> Data extracted from a collection:

Start of Block

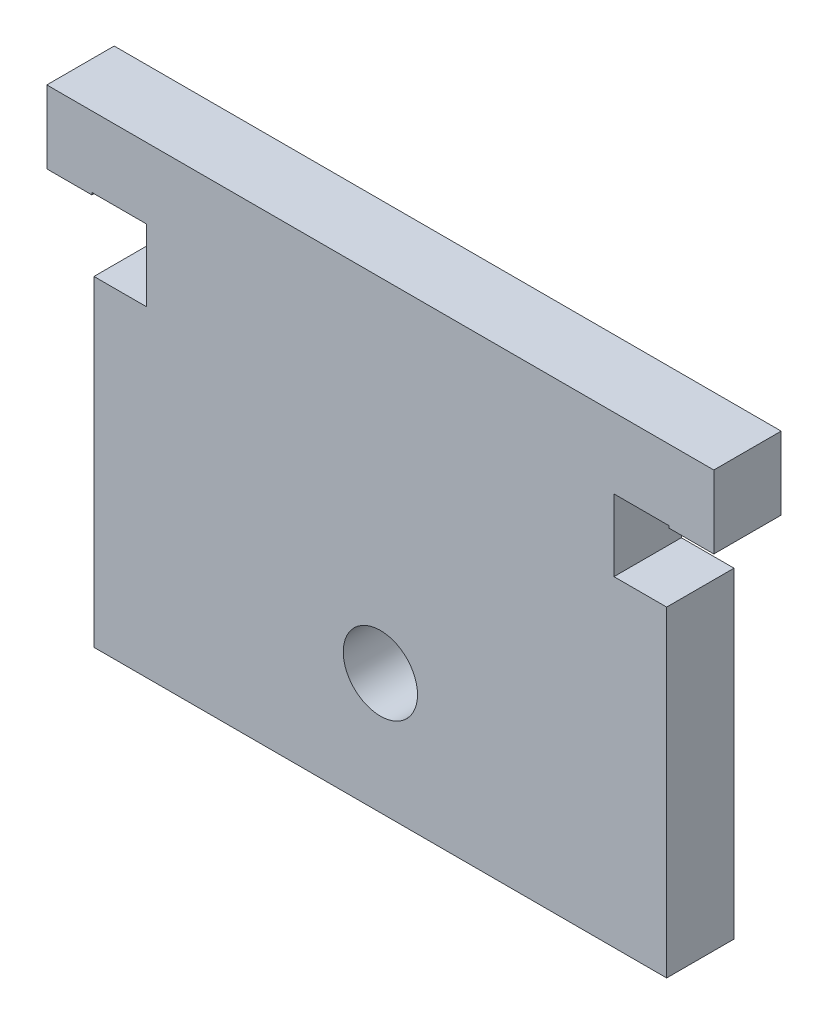
from build123d import *

# Parameters (mm, degrees)
SKETCH1_W            = 85.725
SKETCH1_H            = 50.8
BOSS_EXTRUDE1_DEPTH  = 6.35
SKETCH2_W            = 15.875
SKETCH2_H            = 43.18
CUT_EXTRUDE1_DEPTH   = 6.35
SKETCH3_W            = 85.725
SKETCH3_H            = 6.35
CUT_EXTRUDE2_DEPTH   = 0.762
SKETCH5_W            = 6.35
SKETCH5_H            = 6.35
CUT_EXTRUDE3_DEPTH   = 4.7625
SKETCH7_W            = 6.35
SKETCH7_H            = 6.858
CUT_EXTRUDE5_DEPTH   = 11.43
SKETCH8_W            = 53.975
SKETCH8_H            = 6.35
CUT_EXTRUDE6_DEPTH   = 6.35
M6_CLEARANCE_HOLE1_D = 7
SKETCH12_W           = 5.1689
SKETCH12_H           = 6.7564
CUT_EXTRUDE7_DEPTH   = 41.439530169


with BuildPart() as part:
    # Sketch1 → Boss-Extrude1 (new body)
    with BuildSketch(Plane.XY):
        Rectangle(SKETCH1_W, SKETCH1_H)
    extrude(amount=BOSS_EXTRUDE1_DEPTH)

    # Sketch2 → Cut-Extrude1 (cut)
    with BuildSketch(Plane.XY.offset(6.35)):
        with Locations((-34.925, -3.81)):
            Rectangle(SKETCH2_W, SKETCH2_H)
        with Locations((34.925, -3.81)):
            Rectangle(SKETCH2_W, SKETCH2_H)
    extrude(amount=-CUT_EXTRUDE1_DEPTH, mode=Mode.SUBTRACT)

    # Sketch3 → Cut-Extrude2 (cut)
    with BuildSketch(Plane(origin=(0, 25.4, 0), x_dir=(1, 0, 0), z_dir=(0, 1, 0))):
        with Locations((0, -3.175)):
            Rectangle(SKETCH3_W, SKETCH3_H)
    extrude(amount=-CUT_EXTRUDE2_DEPTH, mode=Mode.SUBTRACT)

    # Sketch5 → Cut-Extrude3 (cut)
    with BuildSketch(Plane.ZY.offset(26.9875)):
        with Locations((3.175, 14.605)):
            Rectangle(SKETCH5_W, SKETCH5_H)
    cut_extrude3 = extrude(amount=-CUT_EXTRUDE3_DEPTH, mode=Mode.SUBTRACT)

    # Mirror1: Cut-Extrude3 across plane
    add(cut_extrude3.mirror(Plane(origin=(0, 0, 0), x_dir=(0, 0, 1), z_dir=(1, 0, 0))), mode=Mode.SUBTRACT)

    # Sketch7 → Cut-Extrude5 (cut)
    with BuildSketch(Plane.ZY.offset(42.8625)):
        with Locations((3.175, 21.209)):
            Rectangle(SKETCH7_W, SKETCH7_H)
    cut_extrude5 = extrude(amount=-CUT_EXTRUDE5_DEPTH, mode=Mode.SUBTRACT)

    # Mirror2: Cut-Extrude5 across plane
    add(cut_extrude5.mirror(Plane(origin=(0, 0, 0), x_dir=(0, 0, 1), z_dir=(1, 0, 0))), mode=Mode.SUBTRACT)

    # Sketch8 → Cut-Extrude6 (cut)
    with BuildSketch(Plane.XZ.offset(25.4)):
        with Locations((0, 3.175)):
            Rectangle(SKETCH8_W, SKETCH8_H)
    extrude(amount=-CUT_EXTRUDE6_DEPTH, mode=Mode.SUBTRACT)

    # M6 Clearance Hole1 (through all)
    with Locations(Plane.XY.offset(6.35)):
        with Locations((0.00592, -7.666260004)):
            Hole(M6_CLEARANCE_HOLE1_D / 2)

    # Sketch12 → Cut-Extrude7 (cut, through all)
    with BuildSketch(Plane.XY.offset(6.35)):
        with Locations((-24.60625, 14.605)):
            Rectangle(SKETCH12_W, SKETCH12_H)
        with Locations((24.60625, 14.605)):
            Rectangle(SKETCH12_W, SKETCH12_H)
    extrude(amount=-CUT_EXTRUDE7_DEPTH, mode=Mode.SUBTRACT)


solid = part.part

End of Block

> Exercise objective:
Look through the records and gather every line containing "origin".

> Written answer:
    with BuildSketch(Plane(origin=(0, 25.4, 0), x_dir=(1, 0, 0), z_dir=(0, 1, 0))):
    add(cut_extrude3.mirror(Plane(origin=(0, 0, 0), x_dir=(0, 0, 1), z_dir=(1, 0, 0))), mode=Mode.SUBTRACT)
    add(cut_extrude5.mirror(Plane(origin=(0, 0, 0), x_dir=(0, 0, 1), z_dir=(1, 0, 0))), mode=Mode.SUBTRACT)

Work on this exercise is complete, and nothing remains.